The doomed game plan was foretold in Clayton Christensen’s book “The Innovator’s Solution,” which describes how cheaper, inferior products displace better, more expensive ones. In this case, relatively underpowered PCs improved faster than expensive workstations did, to the point where PCs were as good as – and ultimately better than – the supposedly superior workstations. It was a moment of cognitive dissonance: a cheap-looking Acer PC was outperforming an impressive-looking Sun workstation. Sun’s salespeople whistled past the graveyard while their customers wondered aloud what exactly separated a workstation from a merely overpriced computer.

Java was Sun’s late-game Hail Mary attempt to reinsert itself into relevance. “If you don’t like our hardware,” the company seemed to say,” let us distract you with this shiny software bauble.” Java was another Sun-owned property masquerading as a broad industry standard. Standard, that is, as long as you did things Sun’s way and made sure the company collected its payment.

Longtime readers know I’m no fan of Java. It’s miserable technology cloaked in brilliant marketing. The language and its runtime environment is slow, it’s interpreted, it’s slow, it’s resource-hungry, and it’s slow. Which of these features were programmers clamoring for? Experienced programmers know it’s also not very portable, thus neatly defeating its entire reason for being.
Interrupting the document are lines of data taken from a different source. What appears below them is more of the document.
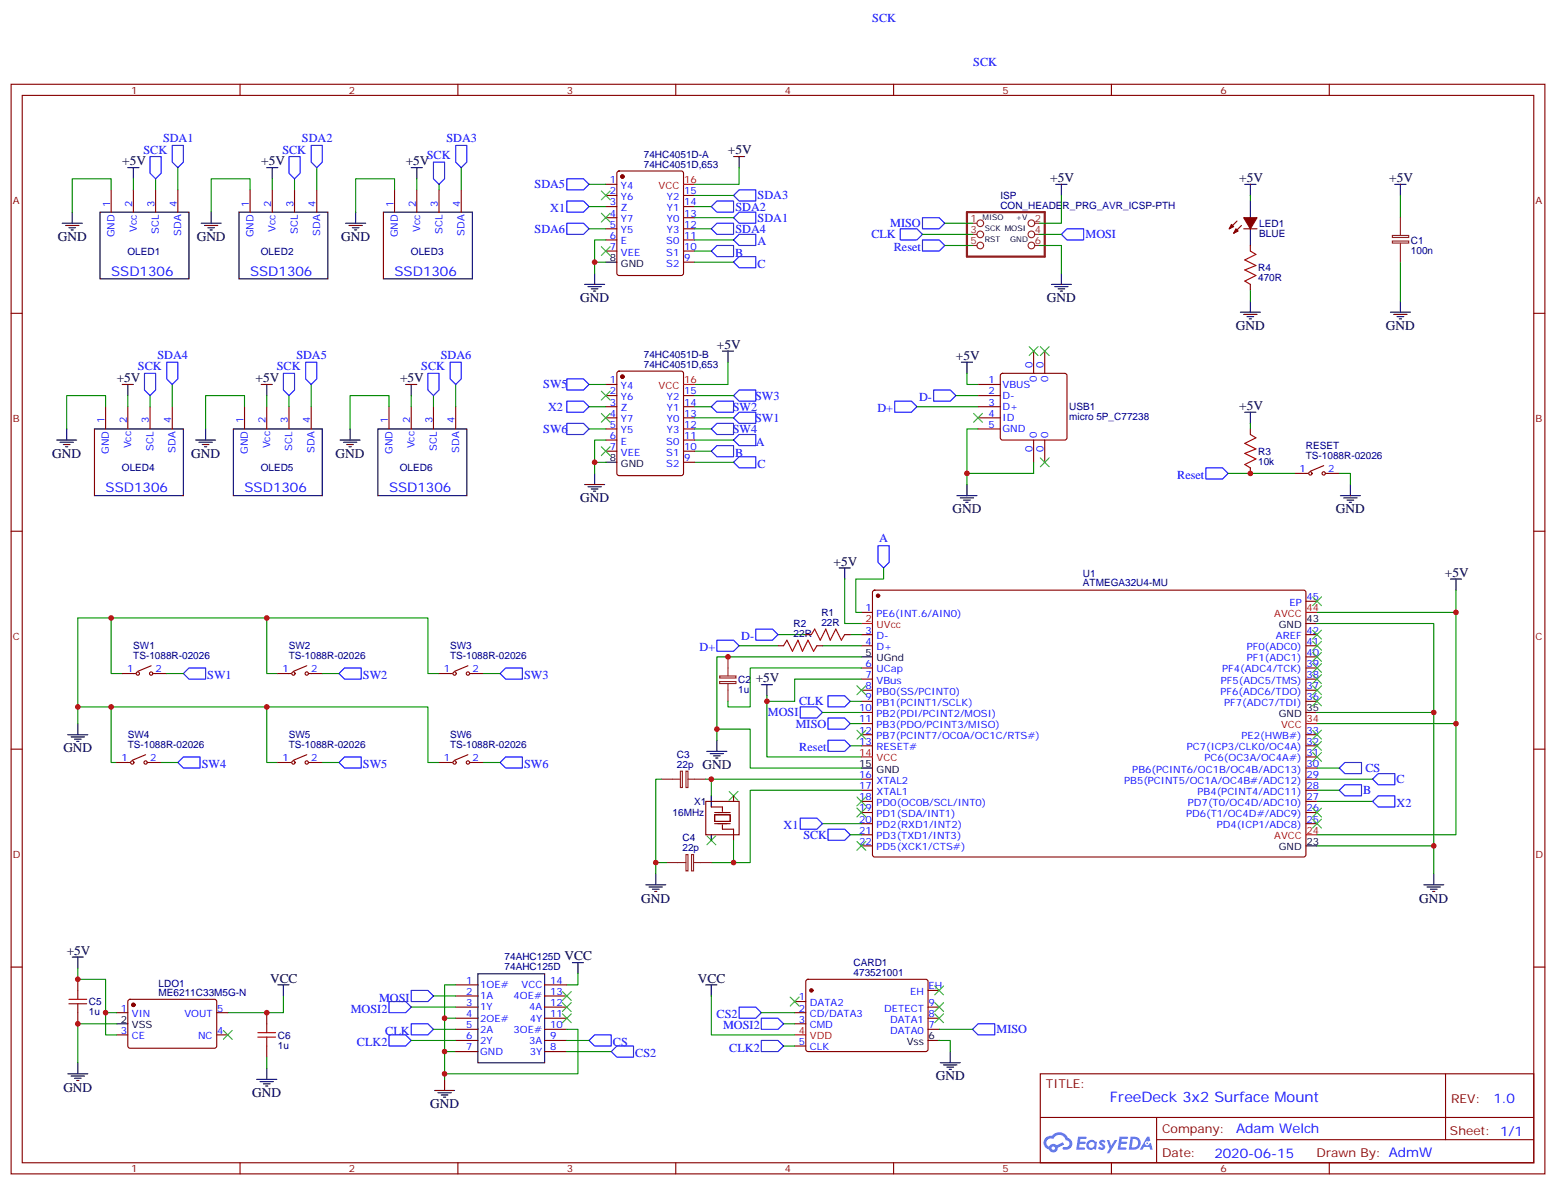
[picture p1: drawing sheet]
<svg xmlns="http://www.w3.org/2000/svg" width="494mm" height="376mm" viewBox="0 0 494 376" stroke-linecap="round" stroke-linejoin="round" font-family="sans-serif">
<g fill="none" stroke="#870000" stroke-width=".35">
<path d="M3.5 26.7h486.9v345.8h-486.9zM7.1 30.3h479.7v338.6h-479.7zM76.2 26.7v3.6M145.3 26.7v3.6M214.5 26.7v3.6M283.6 26.7v3.6M352.8 26.7v3.6M421.9 26.7v3.6M3.5 99.4h3.6M486.8 99.4h3.6M3.5 168.6h3.6M486.8 168.6h3.6"/>
<path d="M3.5 237.7h3.6M486.8 237.7h3.6M3.5 306.8h3.6M486.8 306.8h3.6M330.2 340.7h156.6v28.2h-156.6zM330.2 354.6h156.5M367.1 354.6v14.1M458.8 340.7v20.9M76.2 368.9v3.6M145.3 368.9v3.6M214.5 368.9v3.6M283.6 368.9v3.6"/>
<path d="M352.8 368.9v3.6M367.1 361.6h119.6M421.9 368.9v3.6"/>
</g>
<g fill="#5487ff">
<path d="M349.2 361.9a1.22 1.22 0 0 1 1.7 .3l-.4 .5a.47 .47 0 0 0-.3-.4 .47 .47 0 0 0-.5 .2l.1 .2a1.14 1.14 0 0 1 .8 1.8 1.14 1.14 0 0 1-1.9 0l-.2-.2 .5-.5 .7 .4a.29 .29 0 0 0 .3-.3 .29 .29 0 0 0-.2-.3 1.04 1.04 0 0 1-.6-1.7z"/>
<path d="M342.2 360.6h2.3l.4 .2-.2 .5-1.8 .1-.1 .8h1.5l.3 .4-.3 .4h-1.6l-.2 1.1h1.7l.2 .3-.2 .3-2.6 .1z"/>
<path d="M355.3 360.6l2.7 .2-.1 .5-1.8 .1-.2 .8h1.6l.3 .4-.4 .4h-1.6l-.1 1.1h1.7l.2 .3-.2 .3-2.7 .1z"/>
<path d="M364.1 360.7h.7l.3 1.2-.6 .3a.69 .69 0 0 0-1 .3 .69 .69 0 0 0 .4 1 .69 .69 0 0 0 .9-.7l.5-.2 .6 2.2h-.8l-.3-.9h-1.7l-.5 .9h-.8z"/>
<path d="M351.3 361.7h.8l.6 1.8 1.1-1.8h.9l-2.6 4.2h-.8l.9-1.5z"/>
<path d="M358.9 360.6l-.6 4.2h1.3a2.11 2.11 0 0 0 2.5-2.1 2.11 2.11 0 0 0-2.5-2.1zM359.6 361.4a1.43 1.43 0 0 1 1.6 1.6 1.43 1.43 0 0 1-2 1.1z"/>
<path d="M345.2 362.3a1.54 1.54 0 0 0-.1 2.1 1.54 1.54 0 0 0 2.1 .1l.7 .3 .3-2.3-.6-.3a1.49 1.49 0 0 0-2.4 .1zM345.4 363.3a.95 .95 0 0 1 1.9 0 .95 .95 0 0 1-1.9 0z"/>
<path d="M331.9 361a2.18 2.18 0 0 0 1.1 3.7 1.44 1.44 0 0 0 1.6 .9 1.44 1.44 0 0 0 1.2-1.4l2-1-.5-.8-1.9 1a1.47 1.47 0 0 0-2.4 .4 1.39 1.39 0 0 1-.7-1.9 1.39 1.39 0 0 1 2-.5 2.12 2.12 0 0 1 2.2-1.3 2.12 2.12 0 0 1 1.9 1.7 1.14 1.14 0 0 1 1 1.4 1.14 1.14 0 0 1-1.6 .7 .43 .43 0 0 0-.5 .4 .43 .43 0 0 0 .4 .5 1.98 1.98 0 0 0 2.5-1.2 1.98 1.98 0 0 0-1.2-2.6 3.1 3.1 0 0 0-5.3-.6l-.9 .1zM333.8 364.3a.55 .55 0 0 1 1.1 0 .55 .55 0 0 1-1.1 0z"/>
<circle cx="364.1" cy="362.7" r=".26"/>
</g>
<g fill="none" stroke="#000" stroke-width=".35">
<path d="M40.6 53.2h3.5M42.3 53.2v3.5M84.7 53.2h3.5M86.4 53.2v3.5M130.5 53.2h3.6M132.3 53.2v3.5M232.8 49.7h3.6M234.6 49.7v3.5M335.1 58.5h3.6M336.9 58.5v3.5M395.1 58.5h3.5M396.9 58.5v3.5"/>
<path d="M442.7 58.5h3.6M444.5 58.5v3.5M19.8 70.8h6.3M20.8 71.5h4.2M21.9 72.2h2.1M22.6 73h.7M22.9 67.3v3.5M31.7 67.3h28.3v21.2h-28.3zM63.9 70.8h6.3M64.9 71.5h4.2M66 72.2h2.1M66.7 73h.7"/>
<path d="M67 67.3v3.5M75.8 67.3h28.3v21.2h-28.3zM109.7 70.8h6.4M110.8 71.5h4.2M111.8 72.2h2.1M112.5 73h.7M112.9 67.3v3.5M121.7 67.3h28.2v21.2h-28.2zM396.9 63.8v5.3M396.9 72.6v5.3M185.6 90.2h6.3M186.6 90.9h4.3"/>
<path d="M187.7 91.7h2.1M188.4 92.4h.7M188.7 86.7v3.5M192.3 83.2h3.5M333.7 90.2h6.4M334.8 90.9h4.2M335.8 91.7h2.2M336.5 92.4h.8M336.9 86.7v3.5M393.7 99.1h6.3M394.8 99.8h4.2M396.9 95.5v3.6"/>
<path d="M441.3 99.1h6.4M442.4 99.8h4.2M444.5 95.5v3.6M229.3 111.4h3.5M231.1 111.4v3.5M305.2 114.9h3.5M306.9 114.9v3.6M395.8 100.5h2.1M396.5 101.2h.7M443.4 100.5h2.2M444.1 101.2h.8M18 139.6h6.3"/>
<path d="M21.2 136.1v3.5M30 136.1h28.2v21.2h-28.2zM38.8 122h3.5M40.6 122v3.5M62.1 139.6h6.3M65.3 136.1v3.5M74.1 136.1h28.2v21.2h-28.2zM82.9 122h3.5M84.7 122v3.5M107.9 139.6h6.4M111.1 136.1v3.5M119.9 136.1h28.3v21.2h-28.3z"/>
<path d="M128.8 122h3.5M130.5 122v3.5M395.1 130.8h3.5M396.9 130.8v3.5M19 140.3h4.3M20.1 141h2.1M20.8 141.7h.7M63.1 140.3h4.3M64.2 141h2.1M64.9 141.7h.7M109 140.3h4.2M110.1 141h2.1"/>
<path d="M110.8 141.7h.7M185.6 153.7h6.3M186.6 154.4h4.3M187.7 155.2h2.1M188.4 155.9h.7M188.7 150.2v3.5M192.3 146.7h3.5M303.7 157.3h6.4M304.8 158h4.2M305.9 158.7h2.1M306.6 159.4h.7M306.9 153.7v3.6"/>
<path d="M425.4 157.3h6.4M426.5 158h4.2M427.6 158.7h2.1M428.3 159.4h.7M428.6 153.7v3.6M266.3 180.2h3.6M268.1 180.2v3.5M414.5 197.8h3.5M460.4 183.7h3.5M462.1 183.7v3.6M241.7 217.2h3.5M243.4 217.2v3.6"/>
<path d="M273.4 208.4h3.5M21.5 233.1h6.4M22.6 233.8h4.2M23.6 234.5h2.2M24.3 235.2h.7M24.7 229.6v3.5M224.4 238.4h6.3M225.4 239.1h4.3M226.5 239.8h2.1M227.5 234.9v3.5M414.5 226.1h3.5M225.8 252.5v3.5"/>
<path d="M227.2 240.5h.7M232.8 252.5v1.8M273.4 243.7h3.5M208.1 277.2v3.5M225.8 264.9v1.7M232.8 263.1v3.5M414.5 268.4h3.5M455.1 277.2v3.5M205 280.7h6.3M206 281.4h4.3M207.1 282.2h2.1M207.8 282.9h.7"/>
<path d="M451.9 280.7h6.4M453 281.4h4.2M454 282.2h2.1M454.7 282.9h.7M22.9 303.7h3.6M24.7 303.7v3.5M88.2 312.5h3.5M90 312.5v3.5M151.7 309h21.2v28.2h-21.2zM181.7 305.4h3.5M183.4 305.4v3.6M224 312.5h3.5"/>
<path d="M225.8 312.5v3.5M24.7 337.2v3.5M37 324.8h3.6M84.7 338.9v3.6M294.6 330.1h3.5M298.4 337.2h6.4M299.5 337.9h4.2M300.6 338.6h2.1M301.3 339.3h.7M301.6 333.7v3.5M21.5 340.7h6.4M22.6 341.4h4.2"/>
<path d="M23.6 342.1h2.2M24.3 342.8h.7M81.5 342.5h6.3M82.5 343.2h4.3M83.6 343.9h2.1M84.3 344.6h.7M137.9 346h6.4M139 346.7h4.2M140.1 347.4h2.1M140.8 348.1h.7M141.1 342.5v3.5"/>
</g>
<g fill="none" stroke="#870000" stroke-width=".35">
<path d="M192.3 58.5h3.5M196 54.5l.5-.2h19.8l.6 .4 .1 32-.5 .7h-20l-.7-.4v-32zM35.3 60.3v7M42.3 60.3v7M49.4 60.3v7M56.4 60.3v7M79.4 60.3v7M86.4 60.3v7M93.5 60.3v7M100.5 60.3v7M125.2 60.3v7M132.3 60.3v7"/>
<path d="M139.3 60.3v7M146.4 60.3v7M192.3 62h3.5M192.3 65.5h3.5M192.3 69.1h3.5M192.3 72.6h3.5M192.3 76.1h3.5M192.3 79.7h3.5M217 62h3.5M217 65.5h3.5M217 69.1h3.5M217 72.6h3.5"/>
<path d="M217 76.1h3.5M217 79.7h3.5M392.6 70.1l-2.4 2.5M394.1 71.5l-2.5 2.5M394.8 72.6h4.2M396.9 77.9v1.8M217 83.2h3.5M396.9 90.2v1.8M196 118l.5-.2h19.8l.6 .4 .1 32-.5 .7h-20l-.7-.4v-32zM317.7 118.7l.5-.2h19.8l.5 .2 .2 .5v19.7l-.3 .5-.4 .2h-19.8l-.5-.2-.2-.5v-19.7zM328.1 111.4v7.1M331.6 111.4v7.1"/>
<path d="M33.5 129v7.1M40.6 129v7.1M47.6 129v7.1M54.7 129v7.1M77.6 129v7.1M84.7 129v7.1M91.7 129v7.1M98.8 129v7.1M123.5 129v7.1M130.5 129v7.1M137.6 129v7.1M144.6 129v7.1"/>
<path d="M192.3 122h3.5M192.3 125.5h3.5M192.3 129h3.5M192.3 132.6h3.5M192.3 136.1h3.5M192.3 139.6h3.5M217 125.5h3.5M217 129h3.5M217 132.6h3.5M217 136.1h3.5M217 139.6h3.5M310.4 122h7.1"/>
<path d="M310.4 125.5h7.1M310.4 129h7.1M310.4 132.6h7.1M310.4 136.1h7.1M328.1 139.6v7.1M331.6 139.6v7.1M396.9 136.1v1.8M192.3 143.2h3.5M217 143.2h3.5M217 146.7h3.5M396.9 148.4v1.8M411 150.2h4.2"/>
<path d="M420.2 147.7l-4.3 1.8M420.9 150.2h4.2M273.4 194.3h3.5M277.2 187.5l.4-.2h136.5l.4 .7-.1 83.5-.6 .4h-136.4l-.5-.7v-83.2zM414.5 190.8h3.5M38.8 213.7h4.2M48 211.2l-4.3 1.8M48.7 213.7h4.2M88.2 213.7h4.2M97.4 211.2l-4.3 1.8M98.1 213.7h4.2M139.3 213.7h4.3"/>
<path d="M148.5 211.2l-4.2 1.8M149.2 213.7h4.3M246.9 204.9h1.8M255.8 201.4h1.7M259.3 204.9h1.8M268.1 201.4h1.8M273.4 201.4h3.5M273.4 204.9h3.5M273.4 211.9h3.5M273.4 215.5h3.5M273.4 219h3.5M414.5 201.4h3.5"/>
<path d="M414.5 204.9h3.5M414.5 211.9h3.5M414.5 215.5h3.5M414.5 219h3.5M414.5 208.4h3.5M46.2 239.5l-4.2 1.7M97.4 239.5l-4.3 1.7M148.5 239.5l-4.2 1.7M273.4 222.5h3.5M273.4 226.1h3.5M273.4 229.6h3.5M273.4 233.1h3.5"/>
<path d="M273.4 236.6h3.5M414.5 222.5h3.5M414.5 233.1h3.5M414.5 236.6h3.5M37 241.9h4.3M46.9 241.9h4.3M88.2 241.9h4.2M98.1 241.9h4.2M139.3 241.9h4.3M149.2 241.9h4.3M224 254.3h10.6v10.6h-10.6zM225.8 256h3.5v1.5"/>
<path d="M226.8 258.5h5v2.1h-5zM226.8 257.8h5M273.4 247.2h3.5M273.4 250.8h3.5M273.4 254.3h3.5M273.4 257.8h3.5M414.5 247.2h3.5M414.5 250.8h3.5M414.5 254.3h3.5M414.5 257.8h3.5M414.5 243.7h3.5M414.5 240.2h3.5"/>
<path d="M226.8 261.3h5M229.3 261.7v1.4h3.5M273.4 261.3h3.5M273.4 264.9h3.5M273.4 268.4h3.5M414.5 261.3h3.5M24.7 310.7v3.6M40.8 317.3l.5-.2h27.1l.4 .7-.1 14.4-.6 .4-27.1-.1-.4-.6v-14.1zM144.6 319.5h7.1M144.6 312.5h7.1M144.6 316h7.1M172.9 319.5h7"/>
<path d="M172.9 312.5h7M172.9 316h7M252.2 317.8h3.6M256 310.9l.5-.2 37.6 .1 .5 .6-.1 21.8-.6 .5-37.7-.1-.4-.6v-21.6zM294.6 319.5h3.5M294.6 314.3h3.5M24.7 321.3v3.5M37 321.3h3.6M37 328.4h3.6M68.8 321.3h3.5M68.8 328.4h3.5M84.7 321.3v3.5"/>
<path d="M84.7 331.9v3.5M144.6 326.6h7.1M144.6 323.1h7.1M144.6 330.1h7.1M144.6 333.7h7.1M172.9 326.6h7M172.9 323.1h7M172.9 330.1h7M172.9 333.7h7M252.2 321.3h3.6M252.2 324.8h3.6M252.2 331.9h3.6"/>
<path d="M294.6 326.6h3.5M294.6 323.1h3.5"/>
<circle cx="415.9" cy="150.2" r=".53"/>
<circle cx="420.2" cy="150.2" r=".53"/>
<circle cx="43.7" cy="213.7" r=".53"/>
<circle cx="48" cy="213.7" r=".53"/>
<circle cx="93.1" cy="213.7" r=".53"/>
<circle cx="97.4" cy="213.7" r=".53"/>
<circle cx="144.3" cy="213.7" r=".53"/>
<circle cx="148.5" cy="213.7" r=".53"/>
<circle cx="42" cy="241.9" r=".53"/>
<circle cx="46.2" cy="241.9" r=".53"/>
<circle cx="93.1" cy="241.9" r=".53"/>
<circle cx="97.4" cy="241.9" r=".53"/>
<circle cx="144.3" cy="241.9" r=".53"/>
<circle cx="148.5" cy="241.9" r=".53"/>
</g>
<g fill="none" stroke="#008700" stroke-width=".35">
<path d="M42.3 56.7v3.6M49.4 56.7v3.6M56.4 53.2v7.1M86.4 56.7v3.6M93.5 56.7v3.6M100.5 53.2v7.1M132.3 56.7v3.6M139.3 58.5v1.8M146.4 53.2v7.1M187 58.5h5.3M234.6 53.2v5.3h-14.1M35.3 60.3v-3.6h-12.4v10.6"/>
<path d="M79.4 60.3v-3.6h-12.4v10.6M125.2 60.3v-3.6h-12.3v10.6M187 65.5h5.3M187 72.6h5.3M192.3 76.1h-3.6v7.1M220.5 65.5h5.3M220.5 76.1h12.3M220.5 79.7h5.3M220.5 69.1h12.3M220.5 62h12.3M220.5 72.6h5.3M292.8 74.4h15.9"/>
<path d="M299.9 70.8h8.8M299.9 77.9h8.8M329.8 77.9h7.1v8.8M329.8 74.4h7.1M336.9 62v8.8h-7.1M396.9 62v1.8M444.5 62v7.1M192.3 83.2h-3.6v3.5M220.5 83.2h12.3M396.9 92v3.5M444.5 83.2v12.3M231.1 114.9v7.1h-10.6"/>
<path d="M306.9 118.5v3.5h3.5M33.5 129v-3.5h-12.3v10.6M40.6 125.5v3.5M47.6 125.5v3.5M54.7 122v7M77.6 129v-3.5h-12.3v10.6M84.7 125.5v3.5M91.7 125.5v3.5M98.8 122v7M123.5 129v-3.5h-12.4v10.6M130.5 125.5v3.5M137.6 125.5v3.5"/>
<path d="M144.6 122v7M187 129h5.3M187 136.1h5.3M187 122h5.3M192.3 139.6h-3.6v10.6M220.5 139.6h12.3M220.5 129h5.3M220.5 125.5h12.3M220.5 132.6h12.3M220.5 136.1h5.3M291 129h19.4M303.4 125.5h7"/>
<path d="M310.4 136.1h-3.5v17.6M396.9 134.3v1.8M188.7 146.7h3.6M220.5 143.2h5.3M220.5 146.7h12.3M328.1 146.7v3.5h-21.2M389.8 150.2h21.2M425.1 150.2h3.5v3.5M35.3 196.1v17.6h3.5M84.7 196.1h51.1v17.6h3.5M268.1 183.7v14.1h5.3M280.5 180.2v3.5h-8.9v10.6h1.8"/>
<path d="M418 197.8h37.1v79.4M462.1 187.3v7h-44.1M462.1 194.3v70.6h-44.1M52.9 213.7h5.3M88.2 213.7h-3.5v-17.6h-60v28.2h60v17.6h3.5M102.3 213.7h5.3M153.5 213.7h5.2M234.6 204.9h12.3M246.9 201.4h8.9M261.1 204.9h12.3M269.9 201.4h3.5M273.4 208.4h-45.9v26.5"/>
<path d="M273.4 211.9h-35.3v12.4h-7v-1.8M273.4 215.5h-21.2v7h-8.8v-1.7M24.7 224.3v5.3M35.3 224.3v17.6h1.7M84.7 224.3h51.1v17.6h3.5M227.5 231.4h10.6v12.3h35.3M243.4 222.5v17.7h30M261.1 226.1h12.3M269.9 236.6h3.5M269.9 229.6h3.5M269.9 222.5h3.5M418 229.6h44.1"/>
<path d="M418 226.1h37.1M51.2 241.9h5.2M102.3 241.9h5.3M153.5 241.9h5.2M209.9 247.2h-1.8v26.5M224 247.2h49.4M225.8 247.2v5.3M273.4 250.8h-35.3v22.9h-5.3M418 254.3h17.7M418 243.7h7.1M418 247.2h17.7M418 250.8h7.1"/>
<path d="M211.7 273.7h-3.6v3.5M232.8 266.6v7.1h-7M261.1 261.3h12.3M269.9 264.9h3.5M418 268.4h37.1M24.7 307.2v3.5h8.8v17.7h3.5M90 316v5.3h-17.7M130.5 319.5h14.1M137.6 316h7M144.6 312.5h-3.5v21.2M183.4 309v3.5h-3.5M225.8 316v12.4h26.4"/>
<path d="M33.5 321.3h3.5M37 324.8h-12.3v12.4M84.7 335.4v3.5M130.5 330.1h14.1M137.6 326.6h7M141.1 323.1h3.5M144.6 333.7h-3.5v8.8M179.9 326.6h3.5v14.1h-42.3M179.9 330.1h7.1M179.9 333.7h14.1M241.7 321.3h10.5M248.7 331.9h3.5"/>
<path d="M248.7 324.8h3.5M298.1 330.1h3.5v3.6M298.1 326.6h10.6"/>
</g>
<g fill="none" stroke="#00f" stroke-width=".35">
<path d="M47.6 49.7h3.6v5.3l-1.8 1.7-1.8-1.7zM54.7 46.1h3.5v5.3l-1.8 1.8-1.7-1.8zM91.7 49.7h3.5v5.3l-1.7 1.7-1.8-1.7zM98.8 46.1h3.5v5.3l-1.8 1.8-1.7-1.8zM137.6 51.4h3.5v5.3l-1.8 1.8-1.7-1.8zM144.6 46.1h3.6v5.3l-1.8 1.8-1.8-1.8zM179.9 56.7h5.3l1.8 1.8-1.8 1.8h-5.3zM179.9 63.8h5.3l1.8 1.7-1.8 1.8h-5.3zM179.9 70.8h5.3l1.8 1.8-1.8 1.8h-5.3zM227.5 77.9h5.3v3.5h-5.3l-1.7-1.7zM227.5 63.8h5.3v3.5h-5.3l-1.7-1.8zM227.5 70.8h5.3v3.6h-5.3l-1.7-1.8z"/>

Java was simply a distraction from Sun’s larger issue of dwindling hardware sales due to an ever-worsening price/performance ratio. The emperor was slowly losing his clothes.

There was a time when Sun was “the dot in dot com.” When companies were buying Web servers like popcorn its products were the de facto standard. But now that drunken-sailor spending is out of fashion and IT managers have a bit more time to evaluate server products before buying a container-load of them, Sun’s star doesn’t shine so brightly. Server racks increasingly sport Dell logos instead of Sun’s.

Still, old habits die hard. It’s tough to admit you’ve been overpaying for computers or that that image-enhancing workstation on your desk is really just an overpriced and underpowered PC with a funny operating system and increasingly marginal support. Engineers, programmers, and IT managers with a sentimental attachment to heavy metal will continue to buy Sun products for as long as they’re available. Better get your orders in soon.